= Quick (sportswear) =

Dutch manufacturer of sportswear

Quick is a Dutch manufacturer of sportswear. In 1905, Quick was founded in Hengelo, Gelderland, and started the production of athletic shoes for many sports. Quick provided the official running shoes for the Olympic Games of 1928 in Amsterdam. Although tennis, hockey, cycling, and indoor sports were very important, the brand became most famous for its football boots. Quick expanded in the 1950s, 1960s and 1970s, but declined in the 1980s and stopped production in 1992.

==New start==
After ten years of absence, Quick was relaunched in 2001. Whereas the brand formerly produced functional sportswear, the emphasis now lies on sneakers and apparel that are worn as retro-fashion. Many of the old models from before 1992 have once again been taken into production.

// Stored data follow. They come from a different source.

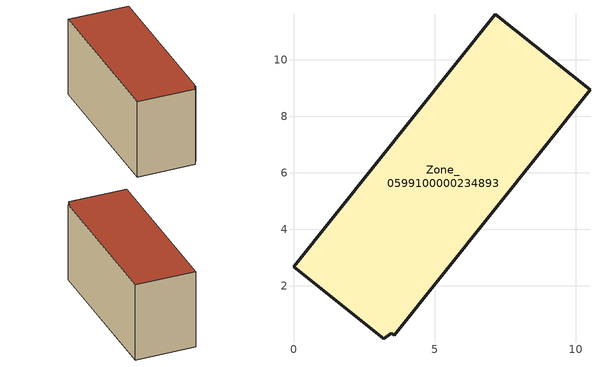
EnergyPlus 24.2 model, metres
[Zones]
Zone_0599100000234893
 floor ground (C_G): 3.57,0.26 3.45,0.33 3.2,0.13 0,2.68 7.14,11.62 10.5,8.95 z0.49
 wall outside (C_F): 10.5,8.95 7.14,11.62 0,2.68 3.2,0.13 3.45,0.33 3.57,0.26 10.5,8.95 z0.49:6.16
 roof outside (C_R): 3.45,0.33 3.57,0.26 10.5,8.95 7.14,11.62 0,2.68 3.2,0.13 z6.16
[BUILDING]
Pand.0599100000234893: North Axis=0; Terrain=City; Loads Convergence Tolerance Value=0.04; Temperature Convergence Tolerance Value=0.4; Solar Distribution=FullExterior; Maximum Number of Warmup Days=25; Minimum Number of Warmup Days=1
[Site:Location]
Rotterdam.The.Hague.AP_ZH_NLD Design_Conditions: Latitude=51.96; Longitude=4.45; Time Zone=1; Elevation=-4.5
[SITE:GROUNDTEMPERATURE:BUILDINGSURFACE]
18, 18, 18, 18, 18, 18, 18, 18, 18, 18, 18, 18
[MATERIAL] Thermal Absorptance=0.9; Solar Absorptance=0.7; Visible Absorptance=0.7
Name | Roughness | Thickness | Conductivity | Density | Specific Heat
G.TI.1946-1964 | MediumSmooth | 0.15 | 1 | 540 | 1210
F.TI.1946-1964 | Rough | 0.3 | 0.857143 | 1920 | 840
R.TI.1946-1964 | MediumRough | 0.2 | 0.277778 | 1500 | 1000
[CONSTRUCTION]
C_G: G.TI.1946-1964
C_F: F.TI.1946-1964
C_R: R.TI.1946-1964
[ZONE]
Zone_0599100000234893: Type=1; Multiplier=1; Ceiling Height=Autocalculate; Volume=Autocalculate; Floor Area=autocalculate; Part of Total Floor Area=Yes
[ZONEINFILTRATION:DESIGNFLOWRATE]
Infil_Zone_0599100000234893: Zone or ZoneList or Space or SpaceList=Zone_0599100000234893; Schedule=AlwaysOn; Design Flow Rate Calculation Method=Flow/Area; Flow Rate per Floor Area=0.003; Constant Term Coefficient=1; Temperature Term Coefficient=0; Velocity Term Coefficient=0; Velocity Squared Term Coefficient=0
[HVACTEMPLATE:ZONE:IDEALLOADSAIRSYSTEM]
Zone_0599100000234893: Maximum Heating Supply Air Temperature=50; Minimum Cooling Supply Air Temperature=13; Maximum Heating Supply Air Humidity Ratio=0.0156; Minimum Cooling Supply Air Humidity Ratio=0.0077; Heating Limit=NoLimit; Cooling Limit=NoLimit; Dehumidification Control Type=ConstantSensibleHeatRatio; Cooling Sensible Heat Ratio=0.7; Dehumidification Setpoint=60; Humidification Control Type=None; Humidification Setpoint=30; Outdoor Air Method=None; Outdoor Air Flow Rate per Person=0.00944; Outdoor Air Flow Rate per Zone Floor Area=0; Outdoor Air Flow Rate per Zone=0; Demand Controlled Ventilation Type=None; Outdoor Air Economizer Type=NoEconomizer; Heat Recovery Type=None; Sensible Heat Recovery Effectiveness=0.7; Latent Heat Recovery Effectiveness=0.65
[ZONECONTROL:THERMOSTAT]
ThermostatControl_Zone_0599100000234893: Zone or ZoneList=Zone_0599100000234893; Control Type Schedule=DualSetpointControlType; Control 1=Thermostat_Zone_0599100000234893; Temperature Difference Between Cutout And Setpoint=0
[THERMOSTATSETPOINT:DUALSETPOINT]
Thermostat_Zone_0599100000234893: Heating Setpoint Temperature Schedule=HeatingSetpoint_Zone_0599100000234893; Cooling Setpoint Temperature Schedule=CoolingSetpoint_Zone_0599100000234893
[SCHEDULE:COMPACT]
HeatingSetpoint_Zone_0599100000234893: Through: 12/31, For: AllDays, Until: 24:00, 21
CoolingSetpoint_Zone_0599100000234893: Through: 12/31, For: AllDays, Until: 24:00, 24
DualSetpointControlType: Through: 12/31, For: AllDays, Until: 24:00, 4
AlwaysOn: Through: 12/31, For: AllDays, Until: 24:00, 1
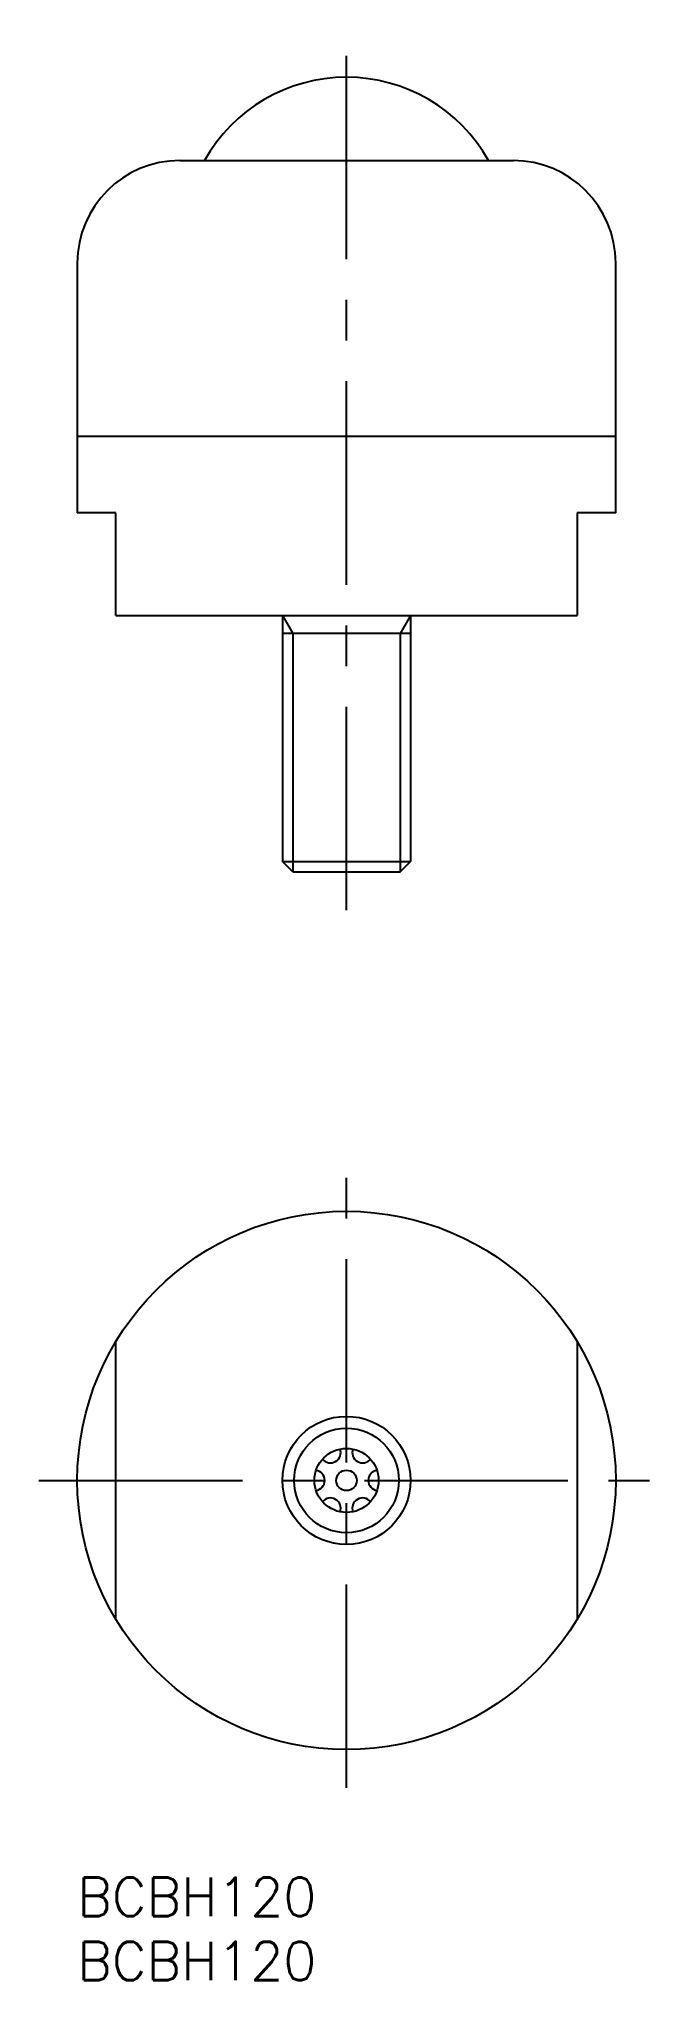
# Model space of a CAD drawing. Extents: x -3 to 45, y -8 to 143.
import ezdxf

# ---------------------------------------------------------------- set-up
doc = ezdxf.new("R2010")
doc.units = 0
doc.header["$LTSCALE"] = 0.5
doc.linetypes.add('CENTER', pattern=[50.8, 31.75, -6.35, 6.35, -6.35])
for name, color, linetype in [('MSM_CENTER', 1, 'CENTER'), ('MSM_CONTINUOUS', 7, 'CONTINUOUS'), ('MSM_NARROW', 5, 'CONTINUOUS'), ('MSM_PART_NUMBER', 7, 'CONTINUOUS')]:
    doc.layers.add(name, color=color, linetype=linetype)
doc.styles.get("Standard").update_dxf_attribs({"font": 'txt.shx', "height": 3, "bigfont": 'bigfont.shx'})

# ---------------------------------------------------------------- blocks, each defined once
blk = doc.blocks.new('*U16')
at = {"layer": 'MSM_PART_NUMBER'}
blk.add_text('BCBH120', height=3, dxfattribs=at).set_placement((0, -3))
blk = doc.blocks.new('*U17')
at = {"layer": 'MSM_PART_NUMBER'}
blk.add_text('BCBH120', height=3, dxfattribs=at).set_placement((0, -8))

msp = doc.modelspace()

# ---------------------------------------------------------------- linework, layer by layer
at = {"layer": 'MSM_CENTER'}
for p, q in [((21, 75.5), (21, 143.5)), ((21, 7), (21, 55)), ((-3, 31), (45, 31))]:
    msp.add_line(p, q, dxfattribs=at)
at = {"layer": 'MSM_CONTINUOUS'}
for p, q in [((8, 134), (34, 134)), ((0, 126), (0, 106.5)), ((42, 106.5), (42, 126)), ((0, 112.5), (42, 112.5)), ((3, 106.5), (0, 106.5)), ((3, 98.5), (3, 106.5)), ((39, 106.5), (39, 98.5)), ((42, 106.5), (39, 106.5)), ((3, 98.5), (39, 98.5)), ((16, 98.5), (16, 79.31)), ((26, 98.5), (26, 79.31)), ((26, 97.09), (16, 97.09)), ((16, 79.31), (26, 79.31)), ((16.81, 78.5), (16, 79.31)), ((25.19, 78.5), (26, 79.31)), ((16.81, 78.5), (25.19, 78.5)), ((3, 20.18), (3, 41.82)), ((39, 41.82), (39, 20.18))]:
    msp.add_line(p, q, dxfattribs=at)
for radius in [21, 5, 2.5, 0.8]:
    msp.add_circle((21, 31), radius, dxfattribs=at)
for centre, radius, start, end in [((21, 127.8), 12.7, 29.2216, 150.7784), ((8, 126), 8, 90, 180), ((34, 126), 8, 0, 90), ((19.75, 33.17), 0.8, 219.2069, 20.7931), ((22.25, 33.17), 0.8, 159.2069, 320.7931), ((18.5, 31), 0.8, 279.2069, 80.7931), ((23.5, 31), 0.8, 99.2069, 260.7931), ((19.75, 28.83), 0.8, 339.2069, 140.7931), ((22.25, 28.83), 0.8, 39.2069, 200.7931)]:
    msp.add_arc(centre, radius, start, end, dxfattribs=at)
at = {"layer": 'MSM_NARROW'}
for p, q in [((16, 98.5), (16.81, 97.09)), ((26, 98.5), (25.19, 97.09)), ((16.81, 97.09), (16.81, 78.5)), ((25.19, 97.09), (25.19, 78.5))]:
    msp.add_line(p, q, dxfattribs=at)
msp.add_circle((21, 31), 4.08, dxfattribs=at)

# ---------------------------------------------------------------- block references
at = {"layer": 'MSM_CONTINUOUS'}
for name in ['*U16', '*U17']:
    msp.add_blockref(name, (0, 0), dxfattribs=at)

doc.saveas('drawing.dxf')

In 2005, Quick celebrated its 100-year anniversary and published an anniversary-book that describes the history of the brand.

Quick supplied the team wear for the Dutch club side AZ Alkmaar. Today, after a short hiatus, Quick had dress SC Cambuur (until the 2018/19 season) in Eredivisie, and in this lost period had wear De Graafschap and Excelsior (starting in the 2015/16 season) of the Eerste Divisie for two seasons, and many other teams in Dutch amateur football and are also partners of the BFC Selectie.